Once the line containing "doc.units = ezdxf.units.MM" has been printed, stop; print every line before it exactly, starting at the top of the material below.

- _SOURCE MATERIAL_:
■ ■ ■ ■ ■
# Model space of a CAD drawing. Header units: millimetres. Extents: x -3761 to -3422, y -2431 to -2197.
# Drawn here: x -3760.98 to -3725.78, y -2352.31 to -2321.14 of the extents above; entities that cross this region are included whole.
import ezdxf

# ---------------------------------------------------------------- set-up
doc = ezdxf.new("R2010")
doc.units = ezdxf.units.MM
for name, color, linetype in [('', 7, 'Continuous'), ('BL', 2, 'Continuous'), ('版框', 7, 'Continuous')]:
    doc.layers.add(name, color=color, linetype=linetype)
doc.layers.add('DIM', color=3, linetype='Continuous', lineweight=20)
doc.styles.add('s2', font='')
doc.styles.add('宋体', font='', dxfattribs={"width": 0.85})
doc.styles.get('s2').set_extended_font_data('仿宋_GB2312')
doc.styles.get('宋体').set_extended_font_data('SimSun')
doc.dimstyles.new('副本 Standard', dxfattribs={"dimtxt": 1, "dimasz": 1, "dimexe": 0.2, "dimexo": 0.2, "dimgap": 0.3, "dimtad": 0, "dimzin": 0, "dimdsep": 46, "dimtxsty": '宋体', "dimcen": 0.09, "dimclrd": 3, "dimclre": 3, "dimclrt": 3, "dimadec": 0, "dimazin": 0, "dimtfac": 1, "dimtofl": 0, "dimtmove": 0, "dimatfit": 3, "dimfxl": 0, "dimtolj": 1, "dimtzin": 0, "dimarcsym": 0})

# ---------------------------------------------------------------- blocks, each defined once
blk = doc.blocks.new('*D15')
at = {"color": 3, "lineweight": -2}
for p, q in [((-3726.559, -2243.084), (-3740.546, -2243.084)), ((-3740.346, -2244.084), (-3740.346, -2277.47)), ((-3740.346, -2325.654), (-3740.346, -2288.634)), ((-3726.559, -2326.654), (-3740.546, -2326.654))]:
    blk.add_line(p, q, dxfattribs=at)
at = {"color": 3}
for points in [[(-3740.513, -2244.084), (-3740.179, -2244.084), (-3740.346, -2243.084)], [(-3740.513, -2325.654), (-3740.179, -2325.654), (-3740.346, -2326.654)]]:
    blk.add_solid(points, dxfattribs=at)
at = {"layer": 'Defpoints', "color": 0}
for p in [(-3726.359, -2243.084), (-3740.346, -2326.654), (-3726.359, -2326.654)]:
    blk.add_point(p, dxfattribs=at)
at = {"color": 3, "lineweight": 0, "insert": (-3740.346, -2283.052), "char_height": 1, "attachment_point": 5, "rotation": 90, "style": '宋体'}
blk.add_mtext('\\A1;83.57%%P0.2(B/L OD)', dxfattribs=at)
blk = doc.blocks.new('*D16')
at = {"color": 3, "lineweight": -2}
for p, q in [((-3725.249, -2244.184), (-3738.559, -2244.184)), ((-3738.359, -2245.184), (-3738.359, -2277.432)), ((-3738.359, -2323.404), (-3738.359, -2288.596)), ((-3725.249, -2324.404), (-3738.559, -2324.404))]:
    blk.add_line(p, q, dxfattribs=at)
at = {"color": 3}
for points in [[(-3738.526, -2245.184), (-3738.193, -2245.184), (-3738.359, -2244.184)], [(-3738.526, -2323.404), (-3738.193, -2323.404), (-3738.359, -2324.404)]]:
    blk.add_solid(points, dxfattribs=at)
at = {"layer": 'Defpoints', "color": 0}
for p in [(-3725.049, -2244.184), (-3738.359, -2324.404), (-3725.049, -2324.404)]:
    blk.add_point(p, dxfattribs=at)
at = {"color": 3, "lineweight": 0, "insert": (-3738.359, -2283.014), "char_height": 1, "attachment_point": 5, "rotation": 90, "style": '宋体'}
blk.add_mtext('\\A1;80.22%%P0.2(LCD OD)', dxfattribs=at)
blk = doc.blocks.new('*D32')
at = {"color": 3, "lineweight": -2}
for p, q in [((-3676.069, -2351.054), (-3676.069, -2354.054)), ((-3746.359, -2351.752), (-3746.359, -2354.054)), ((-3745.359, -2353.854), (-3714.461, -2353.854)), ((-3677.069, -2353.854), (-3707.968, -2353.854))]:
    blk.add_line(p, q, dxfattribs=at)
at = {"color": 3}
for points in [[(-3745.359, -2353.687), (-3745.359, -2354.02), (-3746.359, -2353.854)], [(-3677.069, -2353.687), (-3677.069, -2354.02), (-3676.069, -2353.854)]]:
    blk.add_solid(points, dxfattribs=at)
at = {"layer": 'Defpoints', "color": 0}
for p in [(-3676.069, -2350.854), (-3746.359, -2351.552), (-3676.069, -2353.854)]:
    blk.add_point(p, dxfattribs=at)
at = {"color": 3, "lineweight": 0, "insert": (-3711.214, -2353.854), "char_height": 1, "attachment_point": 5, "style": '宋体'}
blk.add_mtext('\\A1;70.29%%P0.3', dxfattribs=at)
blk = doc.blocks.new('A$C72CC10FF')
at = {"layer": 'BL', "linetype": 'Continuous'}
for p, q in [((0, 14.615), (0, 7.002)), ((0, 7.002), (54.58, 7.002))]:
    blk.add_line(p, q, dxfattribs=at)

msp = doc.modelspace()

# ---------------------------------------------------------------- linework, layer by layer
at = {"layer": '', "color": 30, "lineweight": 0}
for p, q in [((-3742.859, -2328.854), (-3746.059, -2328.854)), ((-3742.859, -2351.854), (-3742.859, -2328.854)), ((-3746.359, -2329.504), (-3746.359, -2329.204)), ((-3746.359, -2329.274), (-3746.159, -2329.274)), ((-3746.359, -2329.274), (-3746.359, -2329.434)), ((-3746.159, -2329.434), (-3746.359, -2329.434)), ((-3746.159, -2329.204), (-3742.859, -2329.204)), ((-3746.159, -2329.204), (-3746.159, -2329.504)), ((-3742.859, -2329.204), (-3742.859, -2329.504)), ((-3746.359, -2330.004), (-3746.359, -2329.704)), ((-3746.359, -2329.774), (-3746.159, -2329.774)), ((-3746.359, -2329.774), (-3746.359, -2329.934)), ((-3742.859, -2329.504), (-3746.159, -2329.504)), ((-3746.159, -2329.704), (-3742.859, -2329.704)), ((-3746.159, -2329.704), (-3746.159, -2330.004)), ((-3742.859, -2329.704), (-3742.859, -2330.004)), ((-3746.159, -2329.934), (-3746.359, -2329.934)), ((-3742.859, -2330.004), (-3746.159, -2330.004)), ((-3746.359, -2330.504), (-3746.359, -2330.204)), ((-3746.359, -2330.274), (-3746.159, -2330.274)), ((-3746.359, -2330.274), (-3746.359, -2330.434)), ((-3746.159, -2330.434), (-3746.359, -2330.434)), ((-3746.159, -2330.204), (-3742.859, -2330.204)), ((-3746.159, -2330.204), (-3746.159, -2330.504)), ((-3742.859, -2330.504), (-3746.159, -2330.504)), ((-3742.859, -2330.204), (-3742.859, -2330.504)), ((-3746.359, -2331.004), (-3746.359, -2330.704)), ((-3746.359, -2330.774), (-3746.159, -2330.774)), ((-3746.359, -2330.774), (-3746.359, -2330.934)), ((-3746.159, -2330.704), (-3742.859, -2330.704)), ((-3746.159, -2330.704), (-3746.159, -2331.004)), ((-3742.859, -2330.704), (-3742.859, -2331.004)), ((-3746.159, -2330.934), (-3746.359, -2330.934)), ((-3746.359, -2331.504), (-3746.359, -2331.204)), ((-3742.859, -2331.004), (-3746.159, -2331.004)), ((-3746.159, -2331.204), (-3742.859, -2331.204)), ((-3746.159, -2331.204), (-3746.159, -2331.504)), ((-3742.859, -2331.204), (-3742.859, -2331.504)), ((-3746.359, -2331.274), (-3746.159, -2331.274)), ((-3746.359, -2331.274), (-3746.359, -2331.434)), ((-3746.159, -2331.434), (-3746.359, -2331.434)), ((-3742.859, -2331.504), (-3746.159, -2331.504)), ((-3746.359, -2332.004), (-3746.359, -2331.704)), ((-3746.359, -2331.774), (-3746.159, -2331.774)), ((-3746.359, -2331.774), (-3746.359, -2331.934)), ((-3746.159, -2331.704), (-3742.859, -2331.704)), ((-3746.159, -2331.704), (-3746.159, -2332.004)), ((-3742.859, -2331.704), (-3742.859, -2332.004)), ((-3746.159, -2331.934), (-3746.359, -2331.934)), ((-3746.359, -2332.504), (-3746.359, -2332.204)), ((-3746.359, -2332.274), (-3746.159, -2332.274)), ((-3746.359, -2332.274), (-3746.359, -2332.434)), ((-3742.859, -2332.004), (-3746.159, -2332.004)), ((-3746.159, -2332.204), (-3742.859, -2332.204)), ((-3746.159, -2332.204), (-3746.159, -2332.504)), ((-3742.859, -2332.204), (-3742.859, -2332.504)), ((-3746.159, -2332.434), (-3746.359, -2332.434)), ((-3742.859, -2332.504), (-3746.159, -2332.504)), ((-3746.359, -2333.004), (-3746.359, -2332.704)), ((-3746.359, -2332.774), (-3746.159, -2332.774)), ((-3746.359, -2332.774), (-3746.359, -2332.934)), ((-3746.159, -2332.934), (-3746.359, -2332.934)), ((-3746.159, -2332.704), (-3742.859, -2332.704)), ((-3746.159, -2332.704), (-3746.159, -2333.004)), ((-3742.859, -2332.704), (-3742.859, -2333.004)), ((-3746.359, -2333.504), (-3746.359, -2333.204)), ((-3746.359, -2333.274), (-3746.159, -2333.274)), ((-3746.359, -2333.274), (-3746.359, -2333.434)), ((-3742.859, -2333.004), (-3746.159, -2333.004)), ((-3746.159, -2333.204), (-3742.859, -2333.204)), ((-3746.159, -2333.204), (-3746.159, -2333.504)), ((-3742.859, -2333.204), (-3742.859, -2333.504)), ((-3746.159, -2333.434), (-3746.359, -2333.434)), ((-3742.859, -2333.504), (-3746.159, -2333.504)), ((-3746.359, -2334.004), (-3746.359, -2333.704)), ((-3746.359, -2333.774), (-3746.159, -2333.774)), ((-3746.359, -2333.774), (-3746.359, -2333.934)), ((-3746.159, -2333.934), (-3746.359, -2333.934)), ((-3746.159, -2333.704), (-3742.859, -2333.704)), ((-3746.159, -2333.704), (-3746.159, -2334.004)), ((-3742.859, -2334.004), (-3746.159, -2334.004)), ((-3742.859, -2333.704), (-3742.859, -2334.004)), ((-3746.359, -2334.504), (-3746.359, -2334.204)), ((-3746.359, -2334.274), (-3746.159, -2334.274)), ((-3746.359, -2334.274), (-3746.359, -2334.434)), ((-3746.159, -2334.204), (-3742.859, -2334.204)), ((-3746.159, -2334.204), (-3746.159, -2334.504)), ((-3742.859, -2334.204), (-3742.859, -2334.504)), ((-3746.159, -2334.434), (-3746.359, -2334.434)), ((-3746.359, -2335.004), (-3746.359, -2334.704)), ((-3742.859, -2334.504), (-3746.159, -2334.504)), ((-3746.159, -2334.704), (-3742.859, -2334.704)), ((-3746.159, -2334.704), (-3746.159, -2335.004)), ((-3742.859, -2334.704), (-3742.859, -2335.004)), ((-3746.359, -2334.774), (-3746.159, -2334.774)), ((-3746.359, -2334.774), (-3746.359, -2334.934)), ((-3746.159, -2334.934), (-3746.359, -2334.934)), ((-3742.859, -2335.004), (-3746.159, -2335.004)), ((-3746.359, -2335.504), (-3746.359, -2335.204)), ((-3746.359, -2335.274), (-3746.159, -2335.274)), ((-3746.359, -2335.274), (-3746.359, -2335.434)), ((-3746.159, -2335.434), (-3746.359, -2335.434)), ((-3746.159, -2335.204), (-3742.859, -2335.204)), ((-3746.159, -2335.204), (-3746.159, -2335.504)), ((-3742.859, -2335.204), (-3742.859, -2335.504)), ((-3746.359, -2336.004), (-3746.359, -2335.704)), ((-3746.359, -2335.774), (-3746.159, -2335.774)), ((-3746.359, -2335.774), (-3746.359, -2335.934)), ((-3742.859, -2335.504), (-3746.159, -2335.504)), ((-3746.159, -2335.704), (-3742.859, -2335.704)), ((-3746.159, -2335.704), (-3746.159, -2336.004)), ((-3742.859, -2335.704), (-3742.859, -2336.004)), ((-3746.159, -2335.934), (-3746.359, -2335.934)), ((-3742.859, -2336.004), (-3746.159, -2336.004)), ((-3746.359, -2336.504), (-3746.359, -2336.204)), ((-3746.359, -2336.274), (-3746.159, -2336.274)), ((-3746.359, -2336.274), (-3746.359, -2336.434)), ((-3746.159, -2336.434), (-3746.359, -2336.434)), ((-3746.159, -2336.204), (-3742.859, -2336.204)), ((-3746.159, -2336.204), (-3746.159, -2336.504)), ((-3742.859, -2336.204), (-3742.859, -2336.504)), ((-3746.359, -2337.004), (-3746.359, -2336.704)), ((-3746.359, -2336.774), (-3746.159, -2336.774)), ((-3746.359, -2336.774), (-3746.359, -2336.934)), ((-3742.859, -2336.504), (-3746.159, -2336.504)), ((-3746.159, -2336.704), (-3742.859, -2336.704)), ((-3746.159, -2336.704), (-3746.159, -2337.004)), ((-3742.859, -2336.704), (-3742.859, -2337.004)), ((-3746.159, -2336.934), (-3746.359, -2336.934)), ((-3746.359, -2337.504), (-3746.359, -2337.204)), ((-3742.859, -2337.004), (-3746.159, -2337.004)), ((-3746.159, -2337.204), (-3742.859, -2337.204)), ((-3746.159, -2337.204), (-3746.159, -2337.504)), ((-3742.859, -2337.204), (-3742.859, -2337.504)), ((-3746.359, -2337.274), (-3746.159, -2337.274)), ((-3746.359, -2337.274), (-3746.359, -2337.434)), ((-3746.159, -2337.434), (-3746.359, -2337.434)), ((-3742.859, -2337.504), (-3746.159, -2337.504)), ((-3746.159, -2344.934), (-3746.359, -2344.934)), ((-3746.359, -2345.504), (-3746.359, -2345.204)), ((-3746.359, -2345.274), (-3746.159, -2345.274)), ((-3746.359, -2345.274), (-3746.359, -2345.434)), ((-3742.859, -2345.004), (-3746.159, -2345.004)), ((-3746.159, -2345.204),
■ ■ ■ ■ ■
- _YOUR SOLUTION_:
# Model space of a CAD drawing. Header units: millimetres. Extents: x -3761 to -3422, y -2431 to -2197.
# Drawn here: x -3760.98 to -3725.78, y -2352.31 to -2321.14 of the extents above; entities that cross this region are included whole.
import ezdxf

# ---------------------------------------------------------------- set-up
doc = ezdxf.new("R2010")
doc.units = ezdxf.units.MM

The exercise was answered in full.